The obtained results confirm that microstructure evolution in Al-containing HEAs is strongly influenced by aluminum concentration and processing route. During casting, segregation between dendritic and interdendritic regions is inevitable due to non-equilibrium solidification. The enrichment of Cu in specific regions is associated with its positive mixing enthalpy with several elements, promoting phase separation.The presence of B2 ordered phase within the BCC matrix indicates chemical ordering driven by thermodynamic stabilization at lower temperatures. Spinodal decomposition contributes to nanoscale modulation, enhancing chemical heterogeneity.Although configurational entropy plays a stabilizing role in HEAs, the observed phase separation demonstrates that enthalpy of mixing, atomic size mismatch, and diffusion kinetics also significantly influence microstructure development. Therefore, phase evolution in nonequiatomic HEAs cannot be explained by entropy effects alone.

Conclusion

The present study investigated the microstructural evolution of Al-containing high-entropy alloys processed through different routes. The results demonstrate that cast HEAs exhibit a characteristic dendritic (DR) and interdendritic (ID) microstructure formed due to segregation during solidification. The dendritic regions contain ordered B2 phases, plate-like precipitates, and nanoscale modulated structures, while interdendritic regions show compositional heterogeneity and Cu-rich segregation.

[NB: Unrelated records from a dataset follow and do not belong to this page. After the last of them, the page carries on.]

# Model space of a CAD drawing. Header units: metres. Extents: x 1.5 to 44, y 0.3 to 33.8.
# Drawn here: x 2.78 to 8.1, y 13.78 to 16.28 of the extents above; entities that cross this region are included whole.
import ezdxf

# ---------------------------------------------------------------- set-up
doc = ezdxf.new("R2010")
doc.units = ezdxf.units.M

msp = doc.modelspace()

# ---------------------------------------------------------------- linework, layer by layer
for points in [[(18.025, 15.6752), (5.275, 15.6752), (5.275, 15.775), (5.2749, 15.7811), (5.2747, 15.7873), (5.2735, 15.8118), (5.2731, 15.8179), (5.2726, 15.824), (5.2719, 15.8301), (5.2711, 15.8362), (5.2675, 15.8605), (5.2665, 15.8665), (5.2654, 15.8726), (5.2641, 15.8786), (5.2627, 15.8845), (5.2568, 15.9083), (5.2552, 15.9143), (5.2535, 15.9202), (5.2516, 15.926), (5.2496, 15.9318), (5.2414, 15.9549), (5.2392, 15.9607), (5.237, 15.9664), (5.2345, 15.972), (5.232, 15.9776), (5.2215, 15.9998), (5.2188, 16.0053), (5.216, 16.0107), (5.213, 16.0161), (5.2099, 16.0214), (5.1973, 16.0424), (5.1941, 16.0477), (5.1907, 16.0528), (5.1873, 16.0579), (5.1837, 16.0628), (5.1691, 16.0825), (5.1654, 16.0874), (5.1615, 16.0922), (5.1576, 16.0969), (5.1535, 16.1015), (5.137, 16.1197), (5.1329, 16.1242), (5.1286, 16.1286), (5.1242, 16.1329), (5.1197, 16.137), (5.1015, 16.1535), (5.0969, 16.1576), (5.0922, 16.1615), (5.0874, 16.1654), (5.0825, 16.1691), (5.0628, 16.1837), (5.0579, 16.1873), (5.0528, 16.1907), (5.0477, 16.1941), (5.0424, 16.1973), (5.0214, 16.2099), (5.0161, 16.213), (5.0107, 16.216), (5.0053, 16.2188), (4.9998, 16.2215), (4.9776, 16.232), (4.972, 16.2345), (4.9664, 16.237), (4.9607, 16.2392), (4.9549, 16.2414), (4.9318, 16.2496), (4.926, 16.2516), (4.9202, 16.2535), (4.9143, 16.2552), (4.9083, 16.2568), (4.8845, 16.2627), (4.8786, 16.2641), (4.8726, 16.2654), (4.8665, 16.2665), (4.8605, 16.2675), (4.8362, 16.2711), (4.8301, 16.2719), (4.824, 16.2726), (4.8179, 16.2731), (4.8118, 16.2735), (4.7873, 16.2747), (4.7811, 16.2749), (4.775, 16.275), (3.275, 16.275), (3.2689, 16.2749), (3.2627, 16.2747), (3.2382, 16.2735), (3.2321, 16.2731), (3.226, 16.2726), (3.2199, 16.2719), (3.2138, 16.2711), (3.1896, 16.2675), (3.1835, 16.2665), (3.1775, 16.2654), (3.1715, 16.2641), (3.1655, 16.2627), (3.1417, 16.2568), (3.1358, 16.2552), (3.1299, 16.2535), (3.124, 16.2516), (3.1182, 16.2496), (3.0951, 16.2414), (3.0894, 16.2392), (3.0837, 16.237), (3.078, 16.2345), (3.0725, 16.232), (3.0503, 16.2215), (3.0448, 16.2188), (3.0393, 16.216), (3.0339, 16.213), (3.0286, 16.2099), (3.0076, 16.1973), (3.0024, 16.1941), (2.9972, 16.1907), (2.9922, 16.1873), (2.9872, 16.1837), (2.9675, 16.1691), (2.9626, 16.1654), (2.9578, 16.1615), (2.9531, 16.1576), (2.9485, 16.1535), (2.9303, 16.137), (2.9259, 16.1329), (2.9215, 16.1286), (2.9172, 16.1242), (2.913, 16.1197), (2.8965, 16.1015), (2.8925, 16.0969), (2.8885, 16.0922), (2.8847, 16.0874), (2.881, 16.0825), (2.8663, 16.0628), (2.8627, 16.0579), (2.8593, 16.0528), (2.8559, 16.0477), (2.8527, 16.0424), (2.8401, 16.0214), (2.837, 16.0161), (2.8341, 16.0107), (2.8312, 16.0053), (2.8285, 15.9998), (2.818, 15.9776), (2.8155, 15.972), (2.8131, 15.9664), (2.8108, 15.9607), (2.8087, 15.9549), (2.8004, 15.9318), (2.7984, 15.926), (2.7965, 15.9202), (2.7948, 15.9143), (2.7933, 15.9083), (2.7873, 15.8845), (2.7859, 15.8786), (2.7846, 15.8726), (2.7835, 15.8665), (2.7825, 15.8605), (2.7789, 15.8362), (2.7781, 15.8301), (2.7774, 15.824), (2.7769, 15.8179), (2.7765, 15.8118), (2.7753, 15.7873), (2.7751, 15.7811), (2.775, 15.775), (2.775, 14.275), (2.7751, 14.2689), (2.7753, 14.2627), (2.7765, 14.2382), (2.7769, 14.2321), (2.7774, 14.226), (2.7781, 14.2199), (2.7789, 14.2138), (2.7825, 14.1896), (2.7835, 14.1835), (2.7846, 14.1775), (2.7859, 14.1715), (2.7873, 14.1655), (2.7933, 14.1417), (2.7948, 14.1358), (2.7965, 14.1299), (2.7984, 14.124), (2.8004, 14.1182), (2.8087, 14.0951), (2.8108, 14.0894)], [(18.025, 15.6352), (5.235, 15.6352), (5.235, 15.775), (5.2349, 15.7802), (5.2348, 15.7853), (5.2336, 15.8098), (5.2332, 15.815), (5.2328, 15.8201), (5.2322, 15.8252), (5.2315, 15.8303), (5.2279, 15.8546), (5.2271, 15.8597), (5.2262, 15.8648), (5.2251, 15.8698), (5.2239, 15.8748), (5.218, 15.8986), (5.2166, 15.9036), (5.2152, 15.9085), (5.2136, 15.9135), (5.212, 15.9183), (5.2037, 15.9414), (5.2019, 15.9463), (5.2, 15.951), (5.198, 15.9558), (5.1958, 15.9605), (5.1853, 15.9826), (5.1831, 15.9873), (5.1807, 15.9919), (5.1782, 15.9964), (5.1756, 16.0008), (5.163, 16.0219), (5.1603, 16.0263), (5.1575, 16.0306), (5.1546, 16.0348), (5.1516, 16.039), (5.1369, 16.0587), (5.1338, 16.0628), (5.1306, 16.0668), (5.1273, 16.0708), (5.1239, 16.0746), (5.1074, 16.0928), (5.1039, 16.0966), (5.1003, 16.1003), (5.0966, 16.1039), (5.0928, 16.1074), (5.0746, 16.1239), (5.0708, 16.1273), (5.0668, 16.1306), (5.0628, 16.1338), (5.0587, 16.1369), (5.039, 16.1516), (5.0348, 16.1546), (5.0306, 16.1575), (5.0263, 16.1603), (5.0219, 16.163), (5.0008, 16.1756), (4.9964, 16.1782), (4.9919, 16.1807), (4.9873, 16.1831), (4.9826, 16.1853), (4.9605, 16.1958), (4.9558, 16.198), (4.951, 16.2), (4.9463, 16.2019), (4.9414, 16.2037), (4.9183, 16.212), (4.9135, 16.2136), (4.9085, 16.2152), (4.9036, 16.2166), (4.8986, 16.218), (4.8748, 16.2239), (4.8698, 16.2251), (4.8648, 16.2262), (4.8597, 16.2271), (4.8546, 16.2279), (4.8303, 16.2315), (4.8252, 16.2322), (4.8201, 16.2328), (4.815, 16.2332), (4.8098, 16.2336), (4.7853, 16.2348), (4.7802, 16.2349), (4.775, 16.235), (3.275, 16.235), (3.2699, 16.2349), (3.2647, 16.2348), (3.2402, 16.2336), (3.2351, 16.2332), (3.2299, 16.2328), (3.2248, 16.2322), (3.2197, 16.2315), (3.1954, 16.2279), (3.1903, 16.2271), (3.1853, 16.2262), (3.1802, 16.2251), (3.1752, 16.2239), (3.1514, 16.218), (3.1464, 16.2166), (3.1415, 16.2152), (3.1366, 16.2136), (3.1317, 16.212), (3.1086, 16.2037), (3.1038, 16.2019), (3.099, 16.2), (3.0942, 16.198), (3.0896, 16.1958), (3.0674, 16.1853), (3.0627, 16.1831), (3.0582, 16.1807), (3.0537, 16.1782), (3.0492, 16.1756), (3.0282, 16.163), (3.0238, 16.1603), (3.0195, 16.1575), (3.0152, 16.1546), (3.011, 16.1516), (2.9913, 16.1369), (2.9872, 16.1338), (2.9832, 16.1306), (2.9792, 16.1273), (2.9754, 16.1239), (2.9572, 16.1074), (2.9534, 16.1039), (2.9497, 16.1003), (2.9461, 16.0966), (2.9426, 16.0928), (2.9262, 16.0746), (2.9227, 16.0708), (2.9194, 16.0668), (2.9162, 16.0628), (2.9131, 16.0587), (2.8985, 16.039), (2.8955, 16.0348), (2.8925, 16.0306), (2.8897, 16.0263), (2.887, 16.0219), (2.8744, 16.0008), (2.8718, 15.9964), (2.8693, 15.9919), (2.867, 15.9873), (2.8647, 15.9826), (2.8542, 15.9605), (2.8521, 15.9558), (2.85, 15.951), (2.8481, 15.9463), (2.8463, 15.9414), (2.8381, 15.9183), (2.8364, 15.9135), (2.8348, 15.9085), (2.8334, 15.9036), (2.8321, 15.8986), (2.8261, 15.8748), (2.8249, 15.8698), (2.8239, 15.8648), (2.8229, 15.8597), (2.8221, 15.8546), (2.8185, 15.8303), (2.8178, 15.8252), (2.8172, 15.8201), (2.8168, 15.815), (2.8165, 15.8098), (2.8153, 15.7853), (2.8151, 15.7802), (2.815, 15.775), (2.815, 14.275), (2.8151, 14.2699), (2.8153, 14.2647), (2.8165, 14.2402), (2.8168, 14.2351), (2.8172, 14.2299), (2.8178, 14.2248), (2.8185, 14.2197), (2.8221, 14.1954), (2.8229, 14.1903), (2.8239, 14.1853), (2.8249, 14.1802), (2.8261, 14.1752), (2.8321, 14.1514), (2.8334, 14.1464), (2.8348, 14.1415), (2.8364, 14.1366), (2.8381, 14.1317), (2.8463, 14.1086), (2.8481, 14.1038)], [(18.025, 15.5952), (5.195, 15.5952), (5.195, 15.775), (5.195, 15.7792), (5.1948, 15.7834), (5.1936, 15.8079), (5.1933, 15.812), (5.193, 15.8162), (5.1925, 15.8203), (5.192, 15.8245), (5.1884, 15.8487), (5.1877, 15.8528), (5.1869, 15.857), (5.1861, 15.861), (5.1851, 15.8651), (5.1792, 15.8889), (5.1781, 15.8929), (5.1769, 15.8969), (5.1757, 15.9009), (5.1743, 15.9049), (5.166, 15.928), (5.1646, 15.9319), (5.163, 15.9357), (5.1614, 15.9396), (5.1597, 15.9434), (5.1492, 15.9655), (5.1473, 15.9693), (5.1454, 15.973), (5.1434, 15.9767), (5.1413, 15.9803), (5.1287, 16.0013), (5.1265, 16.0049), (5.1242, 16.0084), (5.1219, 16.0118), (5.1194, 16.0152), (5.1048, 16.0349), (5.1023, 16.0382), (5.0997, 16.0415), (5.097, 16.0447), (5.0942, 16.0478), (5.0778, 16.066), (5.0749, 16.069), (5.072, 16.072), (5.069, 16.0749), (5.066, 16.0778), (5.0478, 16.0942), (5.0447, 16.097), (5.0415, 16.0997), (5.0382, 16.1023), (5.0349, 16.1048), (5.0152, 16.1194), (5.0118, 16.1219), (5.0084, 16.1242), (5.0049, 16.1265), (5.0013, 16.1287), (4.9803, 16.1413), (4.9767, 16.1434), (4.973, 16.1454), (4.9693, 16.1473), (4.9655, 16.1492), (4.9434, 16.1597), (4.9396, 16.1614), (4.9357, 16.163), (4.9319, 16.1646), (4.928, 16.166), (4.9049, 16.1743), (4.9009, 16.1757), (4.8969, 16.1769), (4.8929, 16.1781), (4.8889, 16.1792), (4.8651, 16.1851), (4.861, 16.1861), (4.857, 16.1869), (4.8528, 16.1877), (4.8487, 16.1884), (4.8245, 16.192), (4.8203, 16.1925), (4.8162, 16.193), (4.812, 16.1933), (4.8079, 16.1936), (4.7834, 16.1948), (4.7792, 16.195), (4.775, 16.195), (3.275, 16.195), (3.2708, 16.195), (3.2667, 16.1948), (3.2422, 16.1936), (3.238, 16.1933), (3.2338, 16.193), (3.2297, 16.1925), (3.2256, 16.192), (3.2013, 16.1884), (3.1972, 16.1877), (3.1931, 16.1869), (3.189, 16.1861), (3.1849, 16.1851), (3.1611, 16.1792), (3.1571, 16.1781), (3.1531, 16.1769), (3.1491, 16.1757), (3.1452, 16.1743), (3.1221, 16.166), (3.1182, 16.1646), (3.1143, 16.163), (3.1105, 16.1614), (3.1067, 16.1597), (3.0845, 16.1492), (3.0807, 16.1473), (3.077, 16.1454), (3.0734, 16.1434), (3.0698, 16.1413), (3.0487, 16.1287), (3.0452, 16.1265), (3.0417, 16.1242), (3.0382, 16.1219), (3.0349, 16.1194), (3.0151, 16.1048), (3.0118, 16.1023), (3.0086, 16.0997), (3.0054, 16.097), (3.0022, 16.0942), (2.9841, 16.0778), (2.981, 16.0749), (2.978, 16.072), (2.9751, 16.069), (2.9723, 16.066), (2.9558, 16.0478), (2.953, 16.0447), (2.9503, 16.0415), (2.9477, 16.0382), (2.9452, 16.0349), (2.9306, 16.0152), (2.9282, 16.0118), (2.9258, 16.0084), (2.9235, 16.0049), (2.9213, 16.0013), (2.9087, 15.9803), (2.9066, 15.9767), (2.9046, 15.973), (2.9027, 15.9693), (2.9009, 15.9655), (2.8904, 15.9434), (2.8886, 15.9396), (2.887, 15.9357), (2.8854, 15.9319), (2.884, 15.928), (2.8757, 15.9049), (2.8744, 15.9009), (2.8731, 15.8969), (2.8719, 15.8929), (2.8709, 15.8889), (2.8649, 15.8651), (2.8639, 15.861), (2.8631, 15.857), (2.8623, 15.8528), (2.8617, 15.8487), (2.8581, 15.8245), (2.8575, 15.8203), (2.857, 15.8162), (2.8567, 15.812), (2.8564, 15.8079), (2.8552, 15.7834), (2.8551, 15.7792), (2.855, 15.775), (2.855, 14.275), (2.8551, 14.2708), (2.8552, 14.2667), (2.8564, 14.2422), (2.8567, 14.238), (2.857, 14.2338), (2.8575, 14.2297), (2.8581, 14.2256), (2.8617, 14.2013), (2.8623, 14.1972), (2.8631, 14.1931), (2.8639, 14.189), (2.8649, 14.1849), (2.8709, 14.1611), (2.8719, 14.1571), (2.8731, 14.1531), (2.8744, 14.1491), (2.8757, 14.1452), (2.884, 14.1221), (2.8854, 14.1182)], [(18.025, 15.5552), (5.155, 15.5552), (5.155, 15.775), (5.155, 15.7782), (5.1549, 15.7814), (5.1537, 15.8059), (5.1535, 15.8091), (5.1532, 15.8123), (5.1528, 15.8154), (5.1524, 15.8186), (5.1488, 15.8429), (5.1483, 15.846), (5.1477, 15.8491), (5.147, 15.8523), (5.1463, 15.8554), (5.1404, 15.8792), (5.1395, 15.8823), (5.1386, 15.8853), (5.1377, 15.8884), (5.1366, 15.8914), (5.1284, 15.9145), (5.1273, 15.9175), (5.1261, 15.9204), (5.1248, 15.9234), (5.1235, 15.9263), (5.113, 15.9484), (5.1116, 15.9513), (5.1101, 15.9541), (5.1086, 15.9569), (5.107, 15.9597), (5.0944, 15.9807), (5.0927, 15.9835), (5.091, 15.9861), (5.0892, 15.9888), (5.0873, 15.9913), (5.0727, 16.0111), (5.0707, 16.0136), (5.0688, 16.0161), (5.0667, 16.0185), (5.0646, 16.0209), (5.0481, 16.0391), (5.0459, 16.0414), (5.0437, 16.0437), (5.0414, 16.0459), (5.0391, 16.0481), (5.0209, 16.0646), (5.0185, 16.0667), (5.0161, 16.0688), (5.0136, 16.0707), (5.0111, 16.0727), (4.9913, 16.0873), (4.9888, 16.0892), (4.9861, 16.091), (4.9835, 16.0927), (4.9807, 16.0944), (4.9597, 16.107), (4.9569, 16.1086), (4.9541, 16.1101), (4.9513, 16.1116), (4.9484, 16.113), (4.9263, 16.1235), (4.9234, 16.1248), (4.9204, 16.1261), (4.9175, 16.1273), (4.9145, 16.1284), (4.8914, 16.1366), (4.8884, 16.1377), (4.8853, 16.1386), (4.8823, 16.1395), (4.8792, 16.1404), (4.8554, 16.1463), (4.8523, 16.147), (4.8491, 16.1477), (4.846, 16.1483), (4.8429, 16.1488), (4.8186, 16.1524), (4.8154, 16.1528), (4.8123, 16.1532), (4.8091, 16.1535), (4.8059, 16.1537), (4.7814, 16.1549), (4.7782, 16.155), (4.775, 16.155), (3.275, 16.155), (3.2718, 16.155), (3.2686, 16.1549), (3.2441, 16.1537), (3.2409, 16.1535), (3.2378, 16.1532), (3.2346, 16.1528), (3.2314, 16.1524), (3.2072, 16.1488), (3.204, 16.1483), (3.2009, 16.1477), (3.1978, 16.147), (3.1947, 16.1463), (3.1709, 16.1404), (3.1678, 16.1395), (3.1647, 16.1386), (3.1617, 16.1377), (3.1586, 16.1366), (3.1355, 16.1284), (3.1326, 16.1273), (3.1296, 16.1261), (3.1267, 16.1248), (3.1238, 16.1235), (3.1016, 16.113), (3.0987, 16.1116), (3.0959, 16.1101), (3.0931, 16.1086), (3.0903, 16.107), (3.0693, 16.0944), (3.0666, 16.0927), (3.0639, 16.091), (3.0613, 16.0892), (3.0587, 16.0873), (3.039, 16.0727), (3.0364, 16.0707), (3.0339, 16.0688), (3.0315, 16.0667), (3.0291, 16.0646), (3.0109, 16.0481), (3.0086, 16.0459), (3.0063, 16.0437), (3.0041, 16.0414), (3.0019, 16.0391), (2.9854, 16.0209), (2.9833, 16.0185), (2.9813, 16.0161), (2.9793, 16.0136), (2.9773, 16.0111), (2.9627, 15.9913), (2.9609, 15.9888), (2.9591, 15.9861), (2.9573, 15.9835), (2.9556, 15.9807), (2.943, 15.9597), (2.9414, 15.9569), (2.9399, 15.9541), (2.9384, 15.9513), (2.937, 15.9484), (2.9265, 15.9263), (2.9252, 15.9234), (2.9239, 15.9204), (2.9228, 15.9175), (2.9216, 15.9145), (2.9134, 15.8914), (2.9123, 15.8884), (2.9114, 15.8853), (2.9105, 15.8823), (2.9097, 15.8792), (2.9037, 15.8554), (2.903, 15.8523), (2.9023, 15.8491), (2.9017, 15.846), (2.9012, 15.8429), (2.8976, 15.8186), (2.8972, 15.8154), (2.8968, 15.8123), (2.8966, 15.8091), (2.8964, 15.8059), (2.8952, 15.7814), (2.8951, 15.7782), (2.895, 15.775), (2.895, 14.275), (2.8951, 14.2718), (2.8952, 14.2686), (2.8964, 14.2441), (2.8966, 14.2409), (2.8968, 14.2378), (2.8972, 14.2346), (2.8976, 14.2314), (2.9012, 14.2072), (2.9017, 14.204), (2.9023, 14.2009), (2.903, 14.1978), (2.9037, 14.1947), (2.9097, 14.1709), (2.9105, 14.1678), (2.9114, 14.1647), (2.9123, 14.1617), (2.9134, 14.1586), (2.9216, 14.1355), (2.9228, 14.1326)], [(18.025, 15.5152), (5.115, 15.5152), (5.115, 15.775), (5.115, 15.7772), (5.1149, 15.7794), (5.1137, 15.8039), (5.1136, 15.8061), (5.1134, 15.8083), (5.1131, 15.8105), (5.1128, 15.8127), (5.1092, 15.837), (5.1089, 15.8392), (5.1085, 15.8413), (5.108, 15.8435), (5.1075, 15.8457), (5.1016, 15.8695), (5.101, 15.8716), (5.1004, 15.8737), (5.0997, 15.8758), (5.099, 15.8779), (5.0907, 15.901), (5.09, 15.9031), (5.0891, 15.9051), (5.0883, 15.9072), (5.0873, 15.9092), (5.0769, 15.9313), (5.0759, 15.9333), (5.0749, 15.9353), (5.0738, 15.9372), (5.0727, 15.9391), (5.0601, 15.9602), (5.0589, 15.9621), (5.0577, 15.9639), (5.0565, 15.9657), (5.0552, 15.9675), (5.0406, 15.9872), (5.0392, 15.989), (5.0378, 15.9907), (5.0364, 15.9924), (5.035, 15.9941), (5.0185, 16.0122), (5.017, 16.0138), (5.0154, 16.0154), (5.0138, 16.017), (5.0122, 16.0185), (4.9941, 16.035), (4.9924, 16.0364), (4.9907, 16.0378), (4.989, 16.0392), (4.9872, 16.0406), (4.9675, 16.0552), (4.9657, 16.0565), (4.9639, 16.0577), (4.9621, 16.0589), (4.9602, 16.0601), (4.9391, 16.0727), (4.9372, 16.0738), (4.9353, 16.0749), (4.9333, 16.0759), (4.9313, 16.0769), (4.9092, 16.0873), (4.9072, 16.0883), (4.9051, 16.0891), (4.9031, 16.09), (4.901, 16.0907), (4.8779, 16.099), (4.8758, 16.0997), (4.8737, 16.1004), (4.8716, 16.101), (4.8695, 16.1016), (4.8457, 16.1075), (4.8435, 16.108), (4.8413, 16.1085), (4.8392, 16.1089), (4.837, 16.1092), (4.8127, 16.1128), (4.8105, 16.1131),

Three-dimensional atom probe and HAADF–EDS analyses confirmed significant elemental partitioning among phases. Al, Ni, and Co were enriched in ordered plate-like domains, whereas Cr and Fe were concentrated in adjacent BCC-related phases. Cu showed strong segregation behavior, forming nanoscale precipitates and localized regions. The presence of spinodal decomposition was verified through nanoscale compositional modulation.

Overall, the findings confirm that, in addition to configurational entropy, other thermodynamic and kinetic factors such as mixing enthalpy, atomic size mismatch, and diffusion behavior play a critical role in phase evolution of nonequiatomic HEAs. Understanding these mechanisms provides valuable guidance for tailoring microstructure and optimizing mechanical performance of high-entropy alloys.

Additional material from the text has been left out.